Ishaan Lagwankar edited this page Dec 3, 2019 · 1 revision

Code Generation

Given the scope of the project, the mapper and the reducer code that needs to be generated is quite simple and follows a fairly well defined structure. For this reason, we have a few "state variables" (in the form of lists, dictionaries, etc) that we use to encode all the information we need from the query to generate the accurate code. We divide all the required functionalities into blocks of code, and given a query, we generate code for these blocks independently, and then tie them together with minimal processing and this is greatly helped by the fact that the code generation is bottom-up in our approach (as opposed to a more top-down approach like using templates, or plugging in values into prewritten code).

Mapper

The changes we can make to the mapper's functioning is mostly based on the where clauses.

We encode the where clauses (there could be multiple) and the way each of them relates to the other (and, or conjunctions). While we do not handle nested where clauses, the script can generate code for an arbitrarily long where clause, and its behaviour is the same as the behaviour of an equivalent clause in plain Python. We simply generate an if block, and make it so that the mapper outputs to stdin only when within the block. We split the data on "," since the expected input is .csv files. Datatypes of the columns also pose a problem, and as a workaround to this, we generate code to typecast any non string column's data (We get this information from the metastore). This also allows us to forbid certain operations on strings (be it in where clauses or aggregations).
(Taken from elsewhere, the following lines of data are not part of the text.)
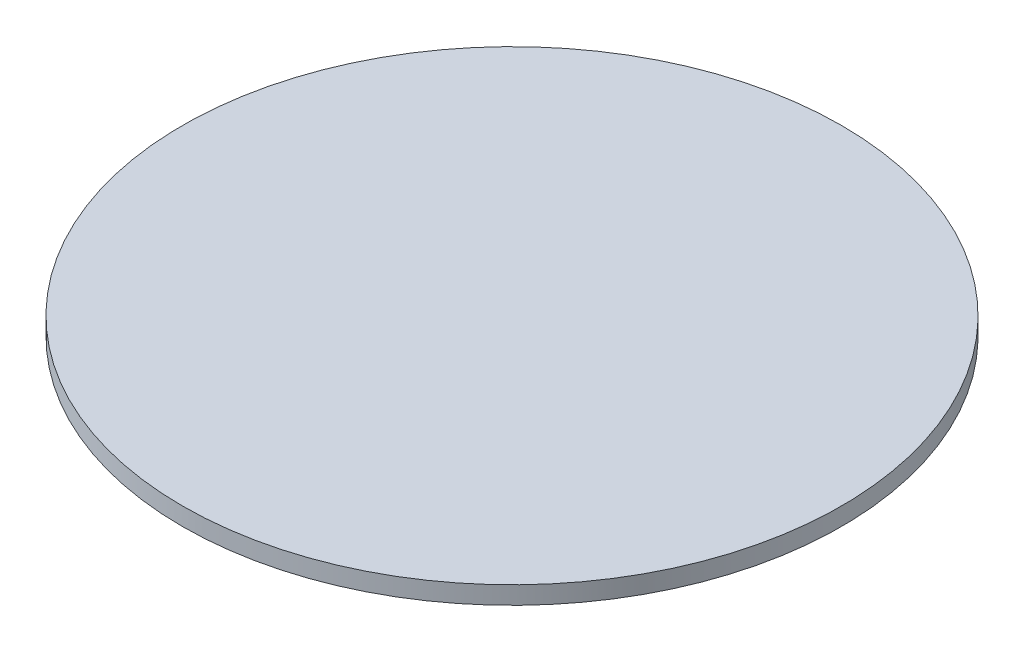
ISO-10303-21;
HEADER;
FILE_DESCRIPTION(('STEP AP214'),'2;1');
FILE_NAME('part.step','',(''),(''),'','','');
FILE_SCHEMA(('AUTOMOTIVE_DESIGN { 1 0 10303 214 1 1 1 1 }'));
ENDSEC;
DATA;
#1=APPLICATION_CONTEXT('core data for automotive mechanical design processes');
#2=APPLICATION_PROTOCOL_DEFINITION('international standard','automotive_design',2000,#1);
#3=PRODUCT_CONTEXT('',#1,'mechanical');
#4=PRODUCT('Part','Part','',(#3));
#5=PRODUCT_RELATED_PRODUCT_CATEGORY('part','',(#4));
#6=PRODUCT_DEFINITION_FORMATION('','',#4);
#7=PRODUCT_DEFINITION_CONTEXT('part definition',#1,'design');
#8=PRODUCT_DEFINITION('design','',#6,#7);
#9=PRODUCT_DEFINITION_SHAPE('','',#8);
#10=(LENGTH_UNIT() NAMED_UNIT(*) SI_UNIT(.MILLI.,.METRE.));
#11=(NAMED_UNIT(*) PLANE_ANGLE_UNIT() SI_UNIT($,.RADIAN.));
#12=(NAMED_UNIT(*) SI_UNIT($,.STERADIAN.) SOLID_ANGLE_UNIT());
#13=UNCERTAINTY_MEASURE_WITH_UNIT(LENGTH_MEASURE(1.E-05),#10,'distance_accuracy_value','');
#14=(GEOMETRIC_REPRESENTATION_CONTEXT(3) GLOBAL_UNCERTAINTY_ASSIGNED_CONTEXT((#13)) GLOBAL_UNIT_ASSIGNED_CONTEXT((#10,
#11,#12)) REPRESENTATION_CONTEXT('',''));
#15=CARTESIAN_POINT('',(0.,0.,0.));
#16=DIRECTION('',(0.,0.,1.));
#17=DIRECTION('',(1.,0.,0.));
#18=AXIS2_PLACEMENT_3D('',#15,#16,#17);
#19=CARTESIAN_POINT('',(0.,1.,0.));
#20=DIRECTION('',(0.,-1.,0.));
#21=DIRECTION('',(0.,0.,-1.));
#22=AXIS2_PLACEMENT_3D('',#19,#20,#21);
#23=CYLINDRICAL_SURFACE('',#22,18.5);
#24=CARTESIAN_POINT('',(0.,1.,0.));
#25=DIRECTION('',(0.,1.,0.));
#26=DIRECTION('',(0.,0.,1.));
#27=AXIS2_PLACEMENT_3D('',#24,#25,#26);
#28=CIRCLE('',#27,18.5);
#29=CARTESIAN_POINT('',(0.,1.,18.5));
#30=VERTEX_POINT('',#29);
#31=EDGE_CURVE('E10',#30,#30,#28,.T.);
#32=ORIENTED_EDGE('',*,*,#31,.F.);
#33=EDGE_LOOP('',(#32));
#34=FACE_BOUND('',#33,.T.);
#35=CARTESIAN_POINT('',(0.,0.,0.));
#36=DIRECTION('',(0.,1.,0.));
#37=DIRECTION('',(0.,0.,1.));
#38=AXIS2_PLACEMENT_3D('',#35,#36,#37);
#39=CIRCLE('',#38,18.5);
#40=CARTESIAN_POINT('',(0.,0.,18.5));
#41=VERTEX_POINT('',#40);
#42=EDGE_CURVE('E35',#41,#41,#39,.T.);
#43=ORIENTED_EDGE('',*,*,#42,.T.);
#44=EDGE_LOOP('',(#43));
#45=FACE_BOUND('',#44,.T.);
#46=ADVANCED_FACE('F32',(#34,#45),#23,.T.);
#47=CARTESIAN_POINT('',(0.,1.,0.));
#48=DIRECTION('',(0.,1.,0.));
#49=DIRECTION('',(0.,0.,1.));
#50=AXIS2_PLACEMENT_3D('',#47,#48,#49);
#51=PLANE('',#50);
#52=ORIENTED_EDGE('',*,*,#31,.T.);
#53=EDGE_LOOP('',(#52));
#54=FACE_BOUND('',#53,.T.);
#55=ADVANCED_FACE('F47',(#54),#51,.T.);
#56=CARTESIAN_POINT('',(0.,0.,0.));
#57=DIRECTION('',(0.,1.,0.));
#58=DIRECTION('',(0.,0.,1.));
#59=AXIS2_PLACEMENT_3D('',#56,#57,#58);
#60=PLANE('',#59);
#61=ORIENTED_EDGE('',*,*,#42,.F.);
#62=EDGE_LOOP('',(#61));
#63=FACE_BOUND('',#62,.T.);
#64=ADVANCED_FACE('F45',(#63),#60,.F.);
#65=CLOSED_SHELL('',(#46,#55,#64));
#66=MANIFOLD_SOLID_BREP('B2',#65);
#67=ADVANCED_BREP_SHAPE_REPRESENTATION('',(#18,#66),#14);
#68=SHAPE_DEFINITION_REPRESENTATION(#9,#67);
ENDSEC;
END-ISO-10303-21;

One downside to our approach is that we send the entire input line to the reducer, even if we do not need all that data on the reducer side. This is a tradeoff we made for the sake of simplicity in the code generation algorithm, since sending only parts of the line would mean recalculation of indices and sanity checks to make sure we are sending all the data we actually need to the reducer.

Reducer

The reducer also follows a well defined structure, and the only two things that change with the reducer are the aggregations and project statements.

Project statements are just output based on column indices (we use dictionaries to map column names to indices). Aggregations are slightly less simplistic since they need global variables initialized before we read from stdin, and they also need to be updated every time they see a new row of data. They also need to be type casted again. To achieve that, we divide the aggregation based code generation into three blocks - global variable initialization block, global variable update block and global variable print block. They operate independently of each other, so it's very simple to generate this code for an arbitrary number of observations. To avoid conflicts and ensure independence between aggregations, we make the variable name a function of the aggregation and the column its operating on.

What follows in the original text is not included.